0
votes

I've been working on a LightGBM prediction model for checking the probability of something. I scale my data using min max scaler, I save it, and trained the model on the scaled data.

Then in real-time I load my model and scaler from before, and try to predict the probability of a new entry. For some reason I'm getting a negative probability

Here's the code:

# Model Vars
learning_rate = 0.005
boosting_type = 'gbdt'
objective = 'rmse'
metric = ['balanced_accuracy_score', 'rmse', 'auc']
sub_feature = 0.5721
num_leaves = 3000
min_data = 500
max_depth = 22
max_bin = 12000


def createLGBM():
   # Read dataset
   dataset = pd.read_csv('C:\FullDatasetNoArson.csv')
   x = dataset.values  # returns a numpy array

   # Normalize Data
   min_max_scaler = preprocessing.MinMaxScaler()
   x_scaled = min_max_scaler.fit_transform(x)
   
   # Save scaler
   joblib.dump(min_max_scaler, "Saved_Scaler")
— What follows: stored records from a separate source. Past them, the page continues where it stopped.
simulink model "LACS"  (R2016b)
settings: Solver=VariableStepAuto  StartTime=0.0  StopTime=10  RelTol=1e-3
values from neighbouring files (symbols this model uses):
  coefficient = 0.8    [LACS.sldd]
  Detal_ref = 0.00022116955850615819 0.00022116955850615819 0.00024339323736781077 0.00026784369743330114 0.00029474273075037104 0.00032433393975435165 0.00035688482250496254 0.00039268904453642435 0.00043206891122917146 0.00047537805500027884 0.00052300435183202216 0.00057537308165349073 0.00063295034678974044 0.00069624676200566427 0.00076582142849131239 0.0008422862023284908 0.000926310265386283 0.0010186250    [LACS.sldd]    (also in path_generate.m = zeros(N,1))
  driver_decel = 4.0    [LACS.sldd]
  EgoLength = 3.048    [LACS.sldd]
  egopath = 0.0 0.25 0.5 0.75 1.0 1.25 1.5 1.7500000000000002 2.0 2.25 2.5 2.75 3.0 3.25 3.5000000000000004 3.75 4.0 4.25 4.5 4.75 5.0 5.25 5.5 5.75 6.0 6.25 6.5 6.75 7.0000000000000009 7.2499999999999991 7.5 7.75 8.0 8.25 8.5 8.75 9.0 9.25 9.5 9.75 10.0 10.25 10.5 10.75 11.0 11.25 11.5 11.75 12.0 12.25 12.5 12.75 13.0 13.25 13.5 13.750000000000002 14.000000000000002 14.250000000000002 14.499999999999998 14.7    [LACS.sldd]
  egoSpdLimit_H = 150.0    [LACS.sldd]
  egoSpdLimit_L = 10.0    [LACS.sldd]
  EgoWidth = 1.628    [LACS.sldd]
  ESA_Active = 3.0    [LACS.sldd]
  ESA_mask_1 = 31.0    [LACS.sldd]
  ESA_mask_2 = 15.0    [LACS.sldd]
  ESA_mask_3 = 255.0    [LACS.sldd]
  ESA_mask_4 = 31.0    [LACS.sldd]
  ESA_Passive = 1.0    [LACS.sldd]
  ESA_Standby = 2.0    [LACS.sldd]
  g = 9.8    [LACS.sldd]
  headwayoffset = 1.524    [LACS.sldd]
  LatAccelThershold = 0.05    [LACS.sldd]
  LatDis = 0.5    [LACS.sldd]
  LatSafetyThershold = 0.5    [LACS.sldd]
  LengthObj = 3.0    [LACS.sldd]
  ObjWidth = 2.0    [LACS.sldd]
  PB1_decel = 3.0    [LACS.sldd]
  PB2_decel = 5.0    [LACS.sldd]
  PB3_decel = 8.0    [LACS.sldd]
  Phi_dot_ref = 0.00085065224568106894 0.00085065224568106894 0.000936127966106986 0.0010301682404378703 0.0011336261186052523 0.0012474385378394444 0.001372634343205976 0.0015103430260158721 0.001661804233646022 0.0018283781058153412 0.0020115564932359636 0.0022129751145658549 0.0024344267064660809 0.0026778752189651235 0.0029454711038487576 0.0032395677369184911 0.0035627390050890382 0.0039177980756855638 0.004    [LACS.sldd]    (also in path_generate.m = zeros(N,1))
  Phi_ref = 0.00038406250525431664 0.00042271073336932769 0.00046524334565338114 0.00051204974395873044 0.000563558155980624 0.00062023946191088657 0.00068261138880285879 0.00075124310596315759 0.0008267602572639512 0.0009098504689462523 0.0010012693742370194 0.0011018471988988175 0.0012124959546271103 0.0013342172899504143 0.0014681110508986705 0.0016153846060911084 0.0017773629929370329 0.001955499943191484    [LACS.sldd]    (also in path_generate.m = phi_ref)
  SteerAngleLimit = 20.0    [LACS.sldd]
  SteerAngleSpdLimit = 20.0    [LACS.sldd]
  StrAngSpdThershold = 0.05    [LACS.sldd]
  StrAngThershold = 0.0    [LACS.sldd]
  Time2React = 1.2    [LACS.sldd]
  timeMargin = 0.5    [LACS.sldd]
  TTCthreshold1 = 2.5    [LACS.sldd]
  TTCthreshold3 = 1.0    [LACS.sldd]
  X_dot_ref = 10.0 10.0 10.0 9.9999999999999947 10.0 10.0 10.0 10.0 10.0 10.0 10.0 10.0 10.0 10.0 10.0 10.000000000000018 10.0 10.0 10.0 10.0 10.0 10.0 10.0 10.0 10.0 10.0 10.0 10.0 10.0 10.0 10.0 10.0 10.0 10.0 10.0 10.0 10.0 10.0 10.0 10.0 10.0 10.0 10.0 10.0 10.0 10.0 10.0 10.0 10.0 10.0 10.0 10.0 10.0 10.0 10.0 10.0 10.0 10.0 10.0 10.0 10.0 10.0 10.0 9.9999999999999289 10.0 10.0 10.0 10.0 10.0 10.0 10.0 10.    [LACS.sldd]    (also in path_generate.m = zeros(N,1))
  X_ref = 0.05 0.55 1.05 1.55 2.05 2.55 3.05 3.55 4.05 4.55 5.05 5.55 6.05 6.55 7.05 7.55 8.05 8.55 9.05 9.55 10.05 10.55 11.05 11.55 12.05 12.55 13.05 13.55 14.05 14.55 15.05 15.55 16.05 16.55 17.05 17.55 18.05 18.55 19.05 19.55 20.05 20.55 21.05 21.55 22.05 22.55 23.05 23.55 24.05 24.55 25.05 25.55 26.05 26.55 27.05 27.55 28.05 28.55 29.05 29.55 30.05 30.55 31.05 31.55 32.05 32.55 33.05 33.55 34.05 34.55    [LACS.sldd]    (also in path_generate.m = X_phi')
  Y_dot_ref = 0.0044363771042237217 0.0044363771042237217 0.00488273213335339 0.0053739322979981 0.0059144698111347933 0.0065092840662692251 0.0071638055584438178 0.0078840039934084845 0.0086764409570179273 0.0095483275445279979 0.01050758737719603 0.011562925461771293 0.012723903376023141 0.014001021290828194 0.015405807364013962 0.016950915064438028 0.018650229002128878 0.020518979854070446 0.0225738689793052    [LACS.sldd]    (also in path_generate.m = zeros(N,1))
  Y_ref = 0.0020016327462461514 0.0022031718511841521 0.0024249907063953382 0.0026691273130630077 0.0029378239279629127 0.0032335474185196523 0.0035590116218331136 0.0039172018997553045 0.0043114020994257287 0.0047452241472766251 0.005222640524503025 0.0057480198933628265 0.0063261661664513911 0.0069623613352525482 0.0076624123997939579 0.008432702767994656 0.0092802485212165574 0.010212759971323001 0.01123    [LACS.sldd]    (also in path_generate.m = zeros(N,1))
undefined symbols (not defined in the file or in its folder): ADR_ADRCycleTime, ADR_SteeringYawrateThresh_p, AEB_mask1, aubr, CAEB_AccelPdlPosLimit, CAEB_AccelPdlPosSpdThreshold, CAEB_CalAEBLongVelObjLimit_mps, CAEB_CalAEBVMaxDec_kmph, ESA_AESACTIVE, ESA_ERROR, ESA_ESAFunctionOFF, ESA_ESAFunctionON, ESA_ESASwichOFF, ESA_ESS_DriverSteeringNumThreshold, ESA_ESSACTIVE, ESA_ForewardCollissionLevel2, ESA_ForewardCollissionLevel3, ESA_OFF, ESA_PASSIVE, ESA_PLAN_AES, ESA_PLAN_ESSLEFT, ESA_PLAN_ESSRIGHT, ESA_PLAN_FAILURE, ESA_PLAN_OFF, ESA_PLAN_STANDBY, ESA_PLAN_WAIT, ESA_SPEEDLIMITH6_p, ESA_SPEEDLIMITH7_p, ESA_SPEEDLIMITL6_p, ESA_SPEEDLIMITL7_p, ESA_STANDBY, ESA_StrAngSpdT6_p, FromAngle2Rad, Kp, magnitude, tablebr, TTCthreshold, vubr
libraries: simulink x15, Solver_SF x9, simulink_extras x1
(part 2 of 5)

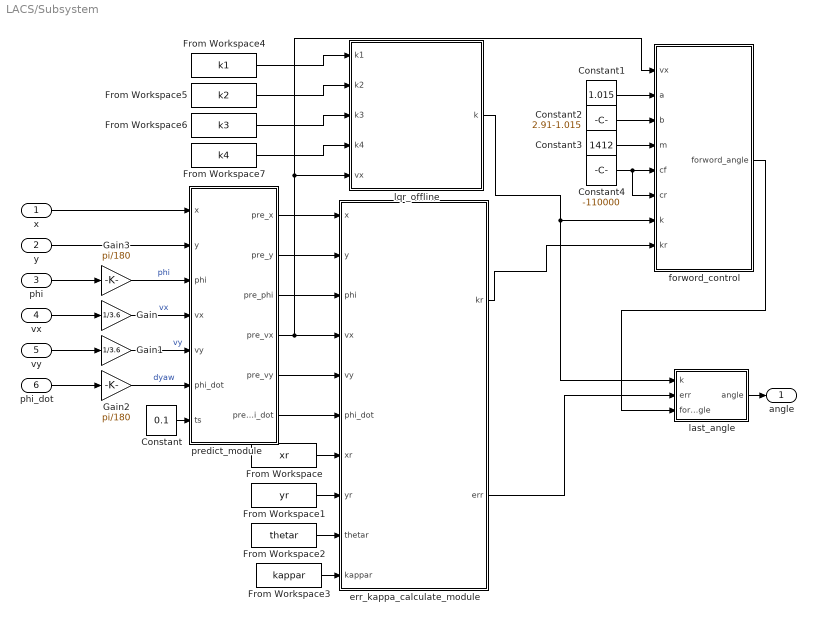
== system LACS/Subsystem ==
  x : Inport
  y : Inport  Port=2
  phi : Inport  Port=3
  vx : Inport  Port=4
  vy : Inport  Port=5
  phi_dot : Inport  Port=6
  Constant : Constant  Value=0.1
  Constant1 : Constant  Value=1.015
  Constant2 : Constant  Value=2.91-1.015
  Constant3 : Constant  Value=1412
  Constant4 : Constant  Value=-110000
  From Workspace : FromWorkspace  VariableName=xr  SampleTime=0
  From Workspace1 : FromWorkspace  VariableName=yr  SampleTime=0
  From Workspace2 : FromWorkspace  VariableName=thetar  SampleTime=0
  From Workspace3 : FromWorkspace  VariableName=kappar  SampleTime=0
  From Workspace4 : FromWorkspace  VariableName=k1  SampleTime=0
  From Workspace5 : FromWorkspace  VariableName=k2  SampleTime=0
  From Workspace6 : FromWorkspace  VariableName=k3  SampleTime=0
  From Workspace7 : FromWorkspace  VariableName=k4  SampleTime=0
  Gain : Gain  Gain=1/3.6
  Gain1 : Gain  Gain=1/3.6
  Gain2 : Gain  Gain=pi/180
  Gain3 : Gain  Gain=pi/180
  err_kappa_calculate_module : MATLAB Function  TreatAsAtomicUnit=on
  forword_control : MATLAB Function  TreatAsAtomicUnit=on
  last_angle : MATLAB Function  TreatAsAtomicUnit=on
  lqr_offline : MATLAB Function  TreatAsAtomicUnit=on
  predict_module : MATLAB Function  TreatAsAtomicUnit=on
  angle : Outport
  wires:
  From Workspace7/1 -> lqr_offline/4(k4)
  err_kappa_calculate_module/2(err) -> last_angle/2(err)
  Gain1/1 -> predict_module/5(vy)  "vy"
  From Workspace6/1 -> lqr_offline/3(k3)
  x/1 -> predict_module/1(x)
  lqr_offline/1(k) -> last_angle/1(k), forword_control/7(k)
  phi_dot/1 -> Gain2/1
  predict_module/2(pre_y) -> err_kappa_calculate_module/2(y)
  err_kappa_calculate_module/1(kr) -> forword_control/8(kr)
  forword_control/1(forword_angle) -> last_angle/3(forword_angle)
  vx/1 -> Gain/1
  predict_module/4(pre_vx) -> lqr_offline/5(vx), forword_control/1(vx), err_kappa_calculate_module/4(vx)
  Gain2/1 -> predict_module/6(phi_dot)  "dyaw"
  last_angle/1(angle) -> angle/1
  phi/1 -> Gain3/1
  From Workspace2/1 -> err_kappa_calculate_module/9(thetar)
  From Workspace5/1 -> lqr_offline/2(k2)
  Gain/1 -> predict_module/4(vx)  "vx"
  y/1 -> predict_module/2(y)
  Gain3/1 -> predict_module/3(phi)  "phi"
  From Workspace3/1 -> err_kappa_calculate_module/10(kappar)
  Constant/1 -> predict_module/7(ts)
  From Workspace4/1 -> lqr_offline/1(k1)
  From Workspace1/1 -> err_kappa_calculate_module/8(yr)
  predict_module/1(pre_x) -> err_kappa_calculate_module/1(x)
  predict_module/5(pre_vy) -> err_kappa_calculate_module/5(vy)
  vy/1 -> Gain1/1
  From Workspace/1 -> err_kappa_calculate_module/7(xr)
  predict_module/6(pre_phi_dot) -> err_kappa_calculate_module/6(phi_dot)
  predict_module/3(pre_phi) -> err_kappa_calculate_module/3(phi)
  Constant1/1 -> forword_control/2(a)
  Constant2/1 -> forword_control/3(b)
  Constant3/1 -> forword_control/4(m)
  Constant4/1 -> forword_control/6(cr), forword_control/5(cf)

== system LACS/TroqueOutput ==
  In1 : Inport
  Out1 : Outport

== system LACS/double_pid_controller ==
  s_dot : Inport
  v : Inport  Port=2
  es : Inport  Port=3
  rpm : Inport  Port=4
  vp : Inport  Port=5
  ap : Inport  Port=6
  Add : Sum  Inputs=-++
  Add2 : Sum
  Delay2 : Delay  DelayLength=1
  MATLAB Function1 : MATLAB Function  TreatAsAtomicUnit=on
  PID Controller : simulink/Continuous/PID Controller  Controller=PID  TimeDomain=Continuous-time  SampleTime=-1  IntegratorMethod=Forward Euler  FilterMethod=Forward Euler  Form=Parallel  UseFilter=on  ControllerParametersSource=internal  P=3  I=0  D=0.1  N=30  InitialConditionSource=internal  InitialConditionForIntegrator=0  InitialConditionForFilter=0  ExternalReset=none  LimitOutput=off  UpperSaturationLimit=inf  LowerSaturationLimit=-inf  LinearizeAsGain=on  AntiWindupMode=none  Kb=1  TrackingMode=off  Kt=1  PParamMin=[]  PParamMax=[]  IParamMin=[]  IParamMax=[]  DParamMin=[]  DParamMax=[]  NParamMin=[]  NParamMax=[]  KbParamMin=[]  KbParamMax=[]  KtParamMin=[]  KtParamMax=[]  POutMin=[]  POutMax=[]  IOutMin=[]  IOutMax=[]  DOutMin=[]  DOutMax=[]  NOutMin=[]  NOutMax=[]  KbOutMin=[]  KbOutMax=[]  KtOutMin=[]  KtOutMax=[]  IntegratorOutMin=[]  IntegratorOutMax=[]  FilterOutMin=[]  FilterOutMax=[]  SumOutMin=[]  SumOutMax=[]  SumI1OutMin=[]  SumI1OutMax=[]  SumI2OutMin=[]  SumI2OutMax=[]  SumI3OutMin=[]  SumI3OutMax=[]  SumDOutMin=[]  SumDOutMax=[]  SaturationOutMin=[]  SaturationOutMax=[]  IntegratorContinuousStateAttributes=''  IntegratorStateMustResolveToSignalObject=off  IntegratorRTWStateStorageClass=Auto  FilterContinuousStateAttributes=''  FilterStateMustResolveToSignalObject=off  FilterRTWStateStorageClass=Auto  DifferentiatorICPrevScaledInput=0  DifferentiatorOutMin=[]  DifferentiatorOutMax=[]
  PID Controller1 : simulink/Continuous/PID Controller  Controller=PID  TimeDomain=Continuous-time  SampleTime=-1  IntegratorMethod=Forward Euler  FilterMethod=Forward Euler  Form=Parallel  UseFilter=on  ControllerParametersSource=internal  P=3  I=0  D=0.1  N=30  InitialConditionSource=internal  InitialConditionForIntegrator=0  InitialConditionForFilter=0  ExternalReset=none  LimitOutput=off  UpperSaturationLimit=inf  LowerSaturationLimit=-inf  LinearizeAsGain=on  AntiWindupMode=none  Kb=1  TrackingMode=off  Kt=1  PParamMin=[]  PParamMax=[]  IParamMin=[]  IParamMax=[]  DParamMin=[]  DParamMax=[]  NParamMin=[]  NParamMax=[]  KbParamMin=[]  KbParamMax=[]  KtParamMin=[]  KtParamMax=[]  POutMin=[]  POutMax=[]  IOutMin=[]  IOutMax=[]  DOutMin=[]  DOutMax=[]  NOutMin=[]  NOutMax=[]  KbOutMin=[]  KbOutMax=[]  KtOutMin=[]  KtOutMax=[]  IntegratorOutMin=[]  IntegratorOutMax=[]  FilterOutMin=[]  FilterOutMax=[]  SumOutMin=[]  SumOutMax=[]  SumI1OutMin=[]  SumI1OutMax=[]  SumI2OutMin=[]  SumI2OutMax=[]  SumI3OutMin=[]  SumI3OutMax=[]  SumDOutMin=[]  SumDOutMax=[]  SaturationOutMin=[]  SaturationOutMax=[]  IntegratorContinuousStateAttributes=''  IntegratorStateMustResolveToSignalObject=off  IntegratorRTWStateStorageClass=Auto  FilterContinuousStateAttributes=''  FilterStateMustResolveToSignalObject=off  FilterRTWStateStorageClass=Auto  DifferentiatorICPrevScaledInput=0  DifferentiatorOutMin=[]  DifferentiatorOutMax=[]
  Saturation : Saturate  UpperLimit=5  LowerLimit=-8
  Saturation1 : Saturate  UpperLimit=10  LowerLimit=-10
  moto model : MATLAB Function  TreatAsAtomicUnit=on
  油门刹车合并标定表 : Lookup_n-D  BreakpointsForDimension1=vubr  BreakpointsForDimension2=aubr  Table=tablebr  InternalRulePriority=Speed  RndMeth=Simplest  InputSameDT=on
  Out1 : Outport
  Out2 : Outport  Port=2
  wires:
  v/1 -> Delay2/1
  ap/1 -> Add2/2
  Add2/1 -> Saturation/1
  Saturation/1 -> 油门刹车合并标定表/2
  Delay2/1 -> 油门刹车合并标定表/1
  油门刹车合并标定表/1 -> MATLAB Function1/1(x)
  Add/1 -> PID Controller/1
  PID Controller/1 -> Add2/1
  MATLAB Function1/1(thr) -> moto model/1(thr)
  PID Controller1/1 -> Saturation1/1
  moto model/1(torque) -> Out1/1
  MATLAB Function1/2(brake) -> Out2/1
  vp/1 -> Add/3
  es/1 -> PID Controller1/1
  s_dot/1 -> Add/1
  rpm/1 -> moto model/2(rpm)
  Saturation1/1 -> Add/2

   dataset = pd.DataFrame(x_scaled)
   X = dataset.iloc[:, 0:8].values
   y = dataset.iloc[:, 8].values
   
   # Initiate LGBM
   x_train, x_test, y_train, y_test = train_test_split(X, y, test_size=0.25, random_state=0)
   d_train = lgb.Dataset(x_train, label=y_train)
   params = {'task': 'train', 'learning_rate': learning_rate, 'boosting_type': boosting_type, 'objective': objective,
             'metric': metric, 'sub_feature': sub_feature, 'num_leaves': num_leaves, 'min_data': min_data,
             'max_depth': max_depth, 'max_bin': max_bin, 'num_threads': 7, 'is_training_metric': True, 'verbose': 1}

   clf = lgb.train(params, d_train, 2000, keep_training_booster=True)

   # Prediction
   y_pred = clf.predict(x_test)

   # convert into binary values
   for i in range(0, len(y_pred)):
       if y_pred[i] >= .5:  # setting threshold to .5
           y_pred[i] = 1
       else:
           y_pred[i] = 0

   # Accuracy
   accuracy = accuracy_score(y_pred, y_test)

   clf.save_model("lgb-model_" + str(accuracy) + ".txt")

   return "lgb-model_" + str(accuracy) + ".txt"


def predict(data):
   data = np.asarray(data)
   print(data)
   min_max_scaler = joblib.load("Saved_Scaler")
   data = min_max_scaler.transform(data)
   data = data[:, 0:8]
   model = lgb.Booster(model_file='lgb-model_0.7906763418553157.txt')
   print(data)
   pred = model.predict(data)
   return pred.tolist()

1

1 Answers

1
votes

So after reading more on the topic I realized that using a decision tree regression model, can return a negative value and that's fine.

My mistake though, if anyone finds this.. is that I tried using regression to calculate the probability of something happening , the correct way of guessing the probability for such a thing is to use Binary Log-loss classification (or Log-loss Regression).